In 1898, President William McKinley, having been goaded by muscle-flexing advisers and jingoistic journalists to make war on Spain, sought divine guidance as to how he should deal with the Spanish possessions, especially the Philippines, that US forces had seized in what ambassador John Hay famously described as a "splendid little war."
Evidently, his prayer was answered, because the president later reported that he had heard "the voice of God," and "there was nothing left for us to do but take them all and educate the Filipinos, and uplift and Christianize them."
In truth, McKinley's motivations had little if anything to do with uplifting the people whom William H. Taft, the first Governor-General of the Philippines, called "our little brown brothers," but much to do with the political and commercial ambitions of influential expansionists such as Captain Alfred T. Mahan, Theodore Roosevelt, Henry Cabot Lodge, and their ilk. In short, the official apology for the brutal and unnecessary Philippine-American War was a mendacious gloss.
The Catholic Filipinos evidently did not yearn to be "Christianized" in the American style, at the point of a Springfield rifle, and they resisted the US imperialists as they had previously resisted the Spanish imperialists. The Philippine-American War, which officially ended on July 4, 1902, but actually dragged on for many years in some islands, cost the lives of more than 4,000 US troops, more than 20,000 Filipino fighters, and more than 220,000 Filipino civilians, many of whom perished in concentration camps eerily similar to the relocation camps into which US forces herded Vietnamese peasants some sixty years later.

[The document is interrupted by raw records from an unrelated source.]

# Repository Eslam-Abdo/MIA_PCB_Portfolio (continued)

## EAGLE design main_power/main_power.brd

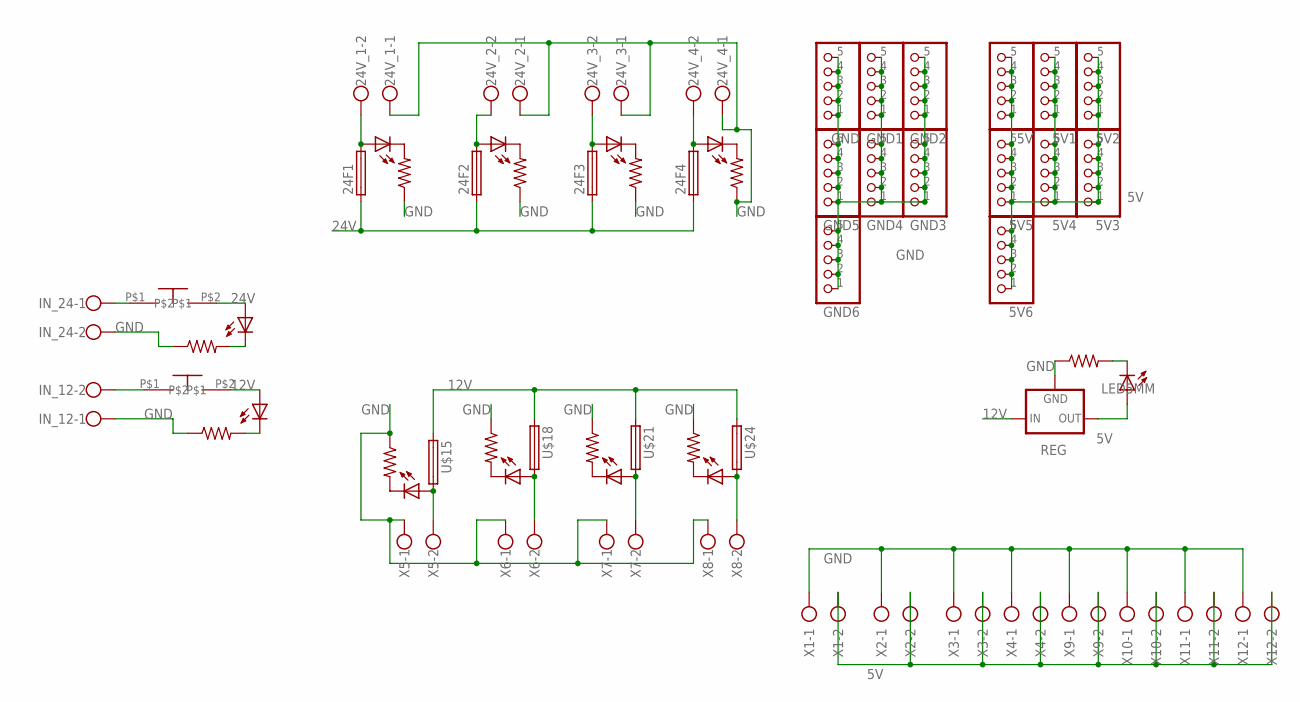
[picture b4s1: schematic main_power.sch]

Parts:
5V, 5V1, 5V2, 5V3, 5V4, 5V5, 5V6: PINHD-1X5; 1X05
12IN: RES-7; 0204/7
12IND: LED5MM
24F1, 24F2, 24F3, 24F4: FUSE_HOLDER; SH22,5A
24V_1, 24V_2, 24V_3, 24V_4: ROSTA.POWER; W239-302
GND, GND1, GND2, GND3, GND4, GND5, GND6: PINHD-1X5; 1X05
IN24: LED5MM
INR24: RES-7; 0204/7
IN_12, IN_24: ROSTA.POWER; W239-302
REG: 78XX-METAL; TO3-79
U$1: 2k; 0204/7
U$2: LED5MM
U$4, U$7, U$10, U$13, U$16, U$19, U$22, U$25: LED3MM
U$5, U$8, U$11, U$14, U$17, U$20, U$23, U$26: RES-7; 0204/7
U$15, U$18, U$21, U$24: FUSE_HOLDER; SH22,5A
U$27, U$28: SWITCH_2; ON_OFF
X1, X2, X3, X4, X9, X10, X11, X12: AK300/22; XTALRR488W60L1090T465H350B
X5, X6, X7, X8: ROSTA.POWER; W239-302

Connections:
5V: 5V.1, 5V.2, 5V.3, 5V.4, 5V.5, 5V1.1, 5V1.2, 5V1.3, 5V1.4, 5V1.5, 5V2.1, 5V2.2, 5V2.3, 5V2.4, 5V2.5, 5V3.1, 5V3.2, 5V3.3, 5V3.4, 5V3.5, 5V4.1, 5V4.2, 5V4.3, 5V4.4, 5V4.5, 5V5.1, 5V5.2, 5V5.3, 5V5.4, 5V5.5, 5V6.1, 5V6.2, 5V6.3, 5V6.4, 5V6.5, REG.1 (OUT), U$2.A, X1.2, X2.2, X3.2, X4.2, X9.2, X10.2, X11.2, X12.2
12V: 12IND.A, REG.3 (IN), U$15.1, U$18.1, U$21.1, U$24.1, U$28.P$2
24V: 24F1.1, 24F2.1, 24F3.1, 24F4.1, IN24.A, U$27.P$2
GND: 12IN.1, 24V_1.1, 24V_2.1, 24V_3.1, 24V_4.1, GND.1, GND.2, GND.3, GND.4, GND.5, GND1.1, GND1.2, GND1.3, GND1.4, GND1.5, GND2.1, GND2.2, GND2.3, GND2.4, GND2.5, GND3.1, GND3.2, GND3.3, GND3.4, GND3.5, GND4.1, GND4.2, GND4.3, GND4.4, GND4.5, GND5.1, GND5.2, GND5.3, GND5.4, GND5.5, GND6.1, GND6.2, GND6.3, GND6.4, GND6.5, INR24.1, IN_12.1, IN_24.2, REG.2 (GND), U$1.1, U$5.1, U$8.1, U$11.1, U$14.1, U$17.1, U$20.1, U$23.1, U$26.1, X1.1, X2.1, X3.1, X4.1, X5.1, X6.1, X7.1, X8.1, X9.1, X10.1, X11.1, X12.1
unnamed: U$1.2, U$2.K (C)
unnamed: 24F1.2, 24V_1.2, U$4.A
unnamed: U$4.K (C), U$5.2
unnamed: IN_12.2, U$28.P$1
unnamed: 24F2.2, 24V_2.2, U$7.A
unnamed: U$7.K (C), U$8.2
unnamed: IN_24.1, U$27.P$1
unnamed: 24F3.2, 24V_3.2, U$10.A
unnamed: U$10.K (C), U$11.2
unnamed: IN24.K (C), INR24.2
unnamed: 24F4.2, 24V_4.2, U$13.A
unnamed: U$13.K (C), U$14.2
unnamed: 12IN.2, 12IND.K (C)
unnamed: U$15.2, U$16.A, X5.2
unnamed: U$16.K (C), U$17.2
unnamed: U$18.2, U$19.A, X6.2
unnamed: U$19.K (C), U$20.2
unnamed: U$21.2, U$22.A, X7.2
unnamed: U$22.K (C), U$23.2
unnamed: U$24.2, U$25.A, X8.2
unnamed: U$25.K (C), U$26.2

When World War I began in 1914, President Woodrow Wilson's sympathies clearly lay with the British. Nevertheless, he quickly proclaimed US neutrality and urged his fellow Americans to be impartial in both thought and deed. Wilson himself, however, leaned more and more toward the Allied side as the war proceeded. Still, he recognized that the great majority of Americans wanted no part of the fighting in Europe, and in 1916 he sought reelection successfully on the appealing slogan, "He Kept Us Out of War."
Soon after his second inauguration, however, he asked Congress for a declaration of war, which was approved, although six senators and fifty members of the House of Representatives had the wit or wisdom to vote against it. Wilson promised this war would be "the war to end all wars," but wars aplenty have taken place since the guns fell silent in 1918, leaving their unprecedented carnage -- nearly nine million dead and more than twenty million wounded, many of them hideously disfigured or crippled for life, as well as perhaps ten million civilians who died of starvation or disease as a result of the war's destruction of resources and its interruption of commerce.
And what did the United States or the world gain? Only a twenty-year reprieve before the war's smoldering embers burst into flame again.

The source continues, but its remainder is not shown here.